Terry Sinclair was a customer for 30 years before she started making and selling soup and other meals sold on Pemberton's shelves.
“Crescent was very gracious about giving me more space, and I slowly got to build a clientele,” Sinclair said. “Everybody knows everybody here. It's just really sad.”
Sinclair, whose food also is sold at nearby Kamp's Meat Market, now has a commercial kitchen and is planning to open up her own storefront. In a bit of irony, Sinclair is one of several Crescent vendors contacted by Whole Foods to sell their goods in its first Oklahoma City store.
Leo Gulikers, a butcher at Crescent Market for the past 27 years, is uncertain what he will do next. It was Art L. Pemberton, Robert Pemberton's grandfather, who bought the market from prior owners in 1942 and later convinced Gulikers to pass on an opportunity to open his own butcher shop and work instead at Crescent.

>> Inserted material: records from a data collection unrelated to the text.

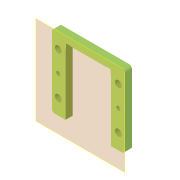
# Autodesk Inventor part: 30_Linear_Stage_NEMA11_China_lid_universal_extender_v2
Saved by Autodesk Inventor 2022 (Build 260153000, 153)
## iProperties
Created: 2022-02-11
Part Number: 30_Linear_Stage_NEMA11_China_lid_universal_extender_v2
Material: Generic
Document SubType Name: Modeling
Designer: wanghaoran
Density: 1 g/cm^3
Appearance: ipht green
Catalog Web Link: isPrinted
Vendor: openUC2
Mass: 6.04917 g
Surface Area: 45.2263 cm^2
Volume: 6.04917 cm^3
Author: wanghaoran
Autodesk Inventor part; units mm, degrees
ref_plane "YZ Plane" through (0, 0, 0) normal (1, 0, 0) x (0, 1, 0)
ref_plane "XZ Plane" through (0, 0, 0) normal (0, 1, 0) x (-1, 0, 0)
ref_plane "XY Plane" through (0, 0, 0) normal (0, 0, 1) x (1, 0, 0)
sketch "Sketch1" plane through (0, 0, 0) normal (0, 0, 1) x (1, 0, 0)
  circle A0 centre (-21, 1.215) radius 1.4 projected
  circle A1 centre (21, 1.215) radius 1.4 projected
  arc A2 (24.9, 3.115) -> (22.9, 5.115) centre (22.9, 3.115) ccw projected
  line L0 (22.9, 5.115) -> (-22.9, 5.115) projected
  arc A3 (-22.9, 5.115) -> (-24.9, 3.115) centre (-22.9, 3.115) ccw projected
  line L1 (-24.9, 3.115) -> (-24.9, -5.115) projected
  line L2 (22.8395, -5.115) -> (24.9, -5.115) projected
  line L3 (24.9, -5.115) -> (24.9, 3.115) projected
  arc A4 (22.9, -44.685) -> (24.9, -42.685) centre (22.9, -42.685) ccw projected
  line L4 (24.9, -42.685) -> (24.9, -36.885) projected
  line L5 (24.9, -36.885) -> (17.1, -36.885) projected
  line L6 (17.1, -36.885) -> (17.1, -44.685) projected
  line L7 (17.1, -44.685) -> (22.9, -44.685) projected
  circle A5 centre (21, -40.785) radius 1.4 projected
  arc A6 (-24.9, -42.685) -> (-22.9, -44.685) centre (-22.9, -42.685) ccw projected
  line L8 (-22.9, -44.685) -> (-17.1, -44.685) projected
  line L9 (-17.1, -44.685) -> (-17.1, -36.885) projected
  line L10 (-17.1, -36.885) -> (-24.9, -36.885) projected
  line L11 (-24.9, -36.885) -> (-24.9, -42.685) projected
  circle A7 centre (-21, -40.785) radius 1.4 projected
  line L12 (24.9, 5.115) -> (-24.9, 5.115)
  line L13 (-24.9, 5.115) -> (-24.9, -44.685)
  line L14 (-24.9, -44.685) -> (24.9, -44.685)
  line L15 (24.9, -44.685) -> (24.9, 5.115)
  line L16 (17.1, -2.685) -> (-17.1, -2.685)
  line L17 (-17.1, -2.685) -> (-17.1, -36.885)
  line L18 (-17.1, -36.885) -> (17.1, -36.885)
  line L19 (17.1, -36.885) -> (17.1, -2.685)
  line L20 (17.1, -36.885) -> (17.1, -44.685)
  line L21 (-17.1, -36.885) -> (-17.1, -44.685)
  circle A8 centre (0, 1.415) radius 1.4 projected
  arc A9 (-18.2605, -5.115) -> (-22.8395, -5.115) centre (-20.55, -5.335) ccw projected
  arc A10 (22.8395, -5.115) -> (18.2605, -5.115) centre (20.55, -5.335) ccw projected
  circle A11 centre (14.45, 0.765) radius 2.3 projected
  circle A12 centre (-14.45, 0.765) radius 2.3 projected
  line L22 (-24.9, -5.115) -> (-22.8395, -5.115) projected
  line L23 (-18.2605, -5.115) -> (18.2605, -5.115) projected
  circle A13 centre (20, -39.785) radius 1.4 projected
  circle A14 centre (-20, -39.785) radius 1.4 projected
  circle A15 centre (-14.45, -40.335) radius 2.3 projected
  circle A16 centre (20.55, -34.235) radius 2.3 projected
  circle A17 centre (-20.55, -34.235) radius 2.3 projected
  circle A18 centre (14.45, -40.335) radius 2.3 projected
  arc A19 (22.9, -44.685) -> (24.9, -42.685) centre (22.9, -42.685) ccw projected
  line L24 (24.9, -42.685) -> (24.9, -4.885) projected
  line L25 (24.9, -4.885) -> (22.8055, -4.885) projected
  line L26 (17.1, -4.885) -> (17.1, -36.885) projected
  line L27 (17.1, -36.885) -> (-17.1, -36.885) projected
  line L28 (-17.1, -36.885) -> (-17.1, -4.885) projected
  line L29 (-22.8055, -4.885) -> (-24.9, -4.885) projected
  line L30 (-24.9, -4.885) -> (-24.9, -42.685) projected
  arc A20 (-24.9, -42.685) -> (-22.9, -44.685) centre (-22.9, -42.685) ccw projected
  line L31 (-22.9, -44.685) -> (22.9, -44.685) projected
  arc A21 (-22.8055, -4.885) -> (-18.2945, -4.885) centre (-20.55, -5.335) ccw projected
  arc A22 (18.2945, -4.885) -> (22.8055, -4.885) centre (20.55, -5.335) ccw projected
  line L32 (18.2945, -4.885) -> (17.1, -4.885) projected
  line L33 (-17.1, -4.885) -> (-18.2945, -4.885) projected
  line L34 (17.1, -44.685) -> (15.6, -44.685)
  line L35 (15.6, -44.685) -> (15.6, -2.685)
  line L36 (15.6, -2.685) -> (17.1, -2.685)
  line L37 (17.1, -2.685) -> (17.1, -44.685)
  line L38 (-17.1, -44.685) -> (-15.6, -44.685)
  line L39 (-15.6, -44.685) -> (-15.6, -2.685)
  line L40 (-15.6, -2.685) -> (-17.1, -2.685)
  line L41 (-17.1, -2.685) -> (-17.1, -44.685)
  line L42 (-15, -27.435) -> (15, -27.435) projected
  line L43 (15, -27.435) -> (15, 0.565) projected
  line L44 (15, 0.565) -> (-15, 0.565) projected
  line L45 (-15, 0.565) -> (-15, -27.435) projected
  circle A23 centre (0, -19.785) radius 6.5 projected
  circle A24 centre (-10, -2.435) radius 2.75 projected
  circle A25 centre (10, -2.435) radius 2.75 projected
  line L46 (15.2, 0.765) -> (15.2, -27.635)
  line L47 (15.2, -27.635) -> (-15.2, -27.635)
  line L48 (-15.2, -27.635) -> (-15.2, 0.765)
  line L49 (-15.2, 0.765) -> (15.2, 0.765)
  point P0 (0, 0)
  point P1 (-20.55, -5.335)
  point P2 (20.55, -5.335)
  point P3 (-20.55, -5.335)
  point P4 (20.55, -5.335)
  point P5 (15.2, -2.685)
  point P6 (-15.2, -2.685)
  point P7 (-12.15, 0.765)
  point P8 (-12.1587, 0.565)
  point P9 (12.1587, 0.565)
  point P10 (12.15, 0.765)
  point P11 (-15.6, -36.885)
  point P12 (15.6, -36.885)
  dimension "d0" = 7.8
  dimension "d23" = 1.5
  dimension "d24" = 1.5
  dimension "d57" = 0.2
  constraints: 44 end point, 10 equal length, 7 point on line, 4 perpendicular, 3 horizontal, 6 other
  measures "d0" distance between parallel lines of L15 L19
  measures "d23" distance between parallel lines of L6 L35
  measures "d24" distance between parallel lines of L39 L28
  measures "d57" distance between parallel lines of L43 L46
extrude "Extrusion1" add sketch "Sketch1" along normal blind 5 contours A0 | A1 | L3 L25 A10 L32 L19 L16 L46 A11 L49 A8 A12 L48 L17 L33 A9 L29 L1 A3 L0 A2 | L3 L2 A10 L25 | L15 L5 L19 L23 A22 L2 | A10 A22 | L4 A4 L7 L6 L5 | A10 L23 L19 L32 | L29 A9 L22 L1 | L6 L14 L35 A18 L18 | L18 L35 L23 L19 | L19 L23 L35 L16 | L22 A21 L23 L17 L10 L13 | A9 A21 | L10 L9 L8 A6 L11 | L33 L17 L23 A9 | L39 A15 L14 L9 L18 | L18 L17 L23 L39 | A18 L35 | L17 L16 L39 L23 | L39 A15 | L46 L49 A11 | A12 L49 L48 | L44 A8 L49 A11 | L49 A8 L44 A12 | L44 A8 L49 | L49 A8 | A5 A13 | A13 A5 | A5 A13 | A7 A14 | A7 A14 | A14 A7 | A16 | A17 picked at (16.0467, -40.1174) picked at (-15.7428, -39.7773)
ref_plane "Arbeitsebene1" through (15.3065, -4.4785, 13.1) normal (0, 0, 1) x (0, 1, 0)
sketch "Skizze3" plane through (15.3065, -4.4785, 13.1) normal (0, 0, 1) x (0, 1, 0)
  line L0 (-0.0065, 32.6065) -> (-30.6065, 32.6065) projected
  arc A0 (1.9935, 30.6065) -> (-0.0065, 32.6065) centre (-0.0065, 30.6065) ccw projected
  line L1 (1.9935, 30.6065) -> (1.9935, 0.0065) projected
  arc A1 (-0.0065, -1.9935) -> (1.9935, 0.0065) centre (-0.0065, 0.0065) ccw projected
  line L2 (-0.0065, -1.9935) -> (-30.6065, -1.9935) projected
  arc A2 (-32.6065, 0.0065) -> (-30.6065, -1.9935) centre (-30.6065, 0.0065) ccw projected
  line L3 (-32.6065, 0.0065) -> (-32.6065, 30.6065) projected
  arc A3 (-30.6065, 32.6065) -> (-32.6065, 30.6065) centre (-30.6065, 30.6065) ccw projected
  circle A4 centre (-35.2065, 35.2065) radius 2.4 projected
  circle A5 centre (-35.8565, 29.7565) radius 2.45 projected
  circle A6 centre (-29.7565, 35.8565) radius 2.45 projected
  circle A7 centre (-35.2065, -4.5935) radius 2.4 projected
  circle A8 centre (-35.8565, 0.8565) radius 2.45 projected
  circle A9 centre (-29.7565, -5.2435) radius 2.45 projected
  circle A10 centre (4.5935, 35.2065) radius 2.4 projected
  circle A11 centre (5.2435, 29.7565) radius 2.45 projected
  circle A12 centre (-0.8565, 35.8565) radius 2.45 projected
  circle A13 centre (-0.8565, -5.2435) radius 2.45 projected
  circle A14 centre (5.2435, 0.8565) radius 2.45 projected
  circle A15 centre (4.5935, -4.5935) radius 2.4 projected
  line L4 (-10.3065, -9.6935) -> (7.6935, -9.6935) projected
  arc A16 (7.6935, -9.6935) -> (9.6935, -7.6935) centre (7.6935, -7.6935) ccw projected
  line L5 (9.6935, 10.3065) -> (9.6935, -7.6935) projected
  line L6 (9.6935, 10.3065) -> (10.5197, 10.3065) projected
  arc A17 (10.9935, 9.9665) -> (10.5197, 10.3065) centre (10.5197, 9.8065) ccw projected
  arc A18 (10.9935, 9.9665) -> (12.953, 8.3665) centre (12.953, 10.3665) ccw projected
  line L7 (12.953, 8.3665) -> (13.0935, 8.3665) projected
  arc A19 (13.0935, 8.3665) -> (15.0935, 10.3665) centre (13.0935, 10.3665) ccw projected
  line L8 (15.0935, 10.3665) -> (15.0935, 20.2465) projected
  arc A20 (15.0935, 20.2465) -> (13.0935, 22.2465) centre (13.0935, 20.2465) ccw projected
  line L9 (13.0935, 22.2465) -> (12.953, 22.2465) projected
  arc A21 (12.953, 22.2465) -> (10.9935, 20.6465) centre (12.953, 20.2465) ccw projected
  arc A22 (10.5197, 20.3065) -> (10.9935, 20.6465) centre (10.5197, 20.8065) ccw projected
  line L10 (10.5197, 20.3065) -> (9.6935, 20.3065) projected
  line L11 (9.6935, 38.3065) -> (9.6935, 20.3065) projected
  arc A23 (9.6935, 38.3065) -> (7.6935, 40.3065) centre (7.6935, 38.3065) ccw projected
  line L12 (7.6935, 40.3065) -> (-10.156, 40.3065) projected
  line L13 (-10.156, 40.3065) -> (-10.1563, 39.5805) projected
  arc A24 (-10.1563, 39.5805) -> (-9.9265, 39.2516) centre (-9.8062, 39.5805) ccw projected
  arc A25 (-8.2165, 37.1473) -> (-9.9265, 39.2516) centre (-10.3665, 37.1472) ccw projected
  line L14 (-8.2165, 37.1473) -> (-8.2165, 37.007) projected
  arc A26 (-10.3664, 34.8569) -> (-8.2165, 37.007) centre (-10.3665, 37.0069) ccw projected
  line L15 (-10.3664, 34.8569) -> (-20.25, 34.8563) projected
  arc A27 (-22.4012, 37.0074) -> (-20.25, 34.8563) centre (-20.2501, 37.0074) ccw projected
  line L16 (-22.4012, 37.0074) -> (-22.4012, 37.1472) projected
  arc A28 (-20.6871, 39.2564) -> (-22.4012, 37.1472) centre (-20.2465, 37.1472) ccw projected
  arc A29 (-20.6871, 39.2564) -> (-20.4574, 39.5808) centre (-20.8064, 39.5844) ccw projected
  line L17 (-20.4574, 39.5808) -> (-20.4576, 40.3065) projected
  line L18 (-20.4576, 40.3065) -> (-38.3065, 40.3065) projected
  arc A30 (-38.3065, 40.3065) -> (-40.3065, 38.3065) centre (-38.3065, 38.3065) ccw projected
  line L19 (-40.3065, 20.4571) -> (-40.3065, 38.3065) projected
  line L20 (-40.3065, 20.4571) -> (-39.5805, 20.4567) projected
  arc A31 (-39.5805, 20.4567) -> (-39.2516, 20.6865) centre (-39.5805, 20.8069) ccw projected
  arc A32 (-37.1473, 22.3966) -> (-39.2516, 20.6865) centre (-37.1472, 20.2466) ccw projected
  line L21 (-37.1473, 22.3966) -> (-37.007, 22.3966) projected
  arc A33 (-34.8569, 20.2467) -> (-37.007, 22.3966) centre (-37.0069, 20.2466) ccw projected
  line L22 (-34.8569, 20.2467) -> (-34.8563, 10.3631) projected
  arc A34 (-37.0074, 8.2119) -> (-34.8563, 10.3631) centre (-37.0074, 10.363) ccw projected
  line L23 (-37.0074, 8.2119) -> (-37.1472, 8.2119) projected
  arc A35 (-39.2564, 9.9259) -> (-37.1472, 8.2119) centre (-37.1472, 10.3665) ccw projected
  arc A36 (-39.2564, 9.9259) -> (-39.5808, 10.1556) centre (-39.5844, 9.8067) ccw projected
  line L24 (-39.5808, 10.1556) -> (-40.3065, 10.1554) projected
  line L25 (-40.3065, -7.6935) -> (-40.3065, 10.1554) projected
  arc A37 (-40.3065, -7.6935) -> (-38.3065, -9.6935) centre (-38.3065, -7.6935) ccw projected
  line L26 (-38.3065, -9.6935) -> (-20.3065, -9.6935) projected
  line L27 (-20.3065, -9.6935) -> (-20.3065, -10.5197) projected
  arc A38 (-20.6465, -10.9935) -> (-20.3065, -10.5197) centre (-20.8065, -10.5197) ccw projected
  arc A39 (-20.6465, -10.9935) -> (-22.2465, -12.953) centre (-20.2465, -12.953) ccw projected
  line L28 (-22.2465, -12.953) -> (-22.2465, -13.0935) projected
  arc A40 (-22.2465, -13.0935) -> (-20.2465, -15.0935) centre (-20.2465, -13.0935) ccw projected
  line L29 (-20.2465, -15.0935) -> (-10.3665, -15.0935) projected
  arc A41 (-10.3665, -15.0935) -> (-8.3665, -13.0935) centre (-10.3665, -13.0935) ccw projected
  line L30 (-8.3665, -13.0935) -> (-8.3665, -12.953) projected
  arc A42 (-8.3665, -12.953) -> (-9.9665, -10.9935) centre (-10.3665, -12.953) ccw projected
  arc A43 (-10.3065, -10.5197) -> (-9.9665, -10.9935) centre (-9.8065, -10.5197) ccw projected
  line L31 (-10.3065, -10.5197) -> (-10.3065, -9.6935) projected
  circle A44 centre (-15.4065, -5.9935) radius 2.15 projected
  circle A45 centre (5.9935, 15.2065) radius 2.15 projected
  point P0 (4.4785, 15.3065)
hole "Bohrung1" at (-20.55, -34.235, 13.1) at (-20.55, -5.335, 13.1) at (20.55, -5.335, 13.1) at (20.55, -34.235, 13.1) direction (0, 0, -1) diameter 4.6 end through all
sketch "Skizze10" plane through (0, 0, 0) normal (0, 0, -1) x (-1, 0, 0)
  circle A0 centre (-20.55, -19.785) radius 1.4 projected
  circle A1 centre (20.55, -19.785) radius 1.4 projected
  point P0 (0, 0)
hole "Bohrung5" at (20.55, -19.785, 0) at (-20.55, -19.785, 0) direction (0, 0, 1) diameter 2.8 end through all counterbore diameter 6 counterbore depth 3
body "Solid1"

“Mr. P is what we used to call him,” Gulikers said. “He kept coming into the store until '94. Then his son Art (Jr.) took over.”
Gulikers and fellow employees have fond emotions for the Pembertons, and said they always felt like they were a part of the family store.
A glance at the store's meat shop reveals the sort of operation that faded away from most groceries two decades ago — a place where trained, experienced butchers know their customers' preferences and can provide cuts usually only done by top chefs.
“Nobody cuts prime ribs like us, where you cut the fat and then tie it all together,” Gulikers said. “For Christmas, where are you going to get a crown pork roast and a crown lamb roast? We make a ton of those here. There are a few places that do that, but not many.”
For the past two years Pemberton has been courted by multiple developers to move his store downtown. He thinks a slim chance remains for him to reopen downtown, but if he does, he knows he'll have to start from scratch.
Parker is uncertain existing customers will follow such a move.
“This is a store that's always been here, and now that's changing,” Parker said. “And that's never easy.”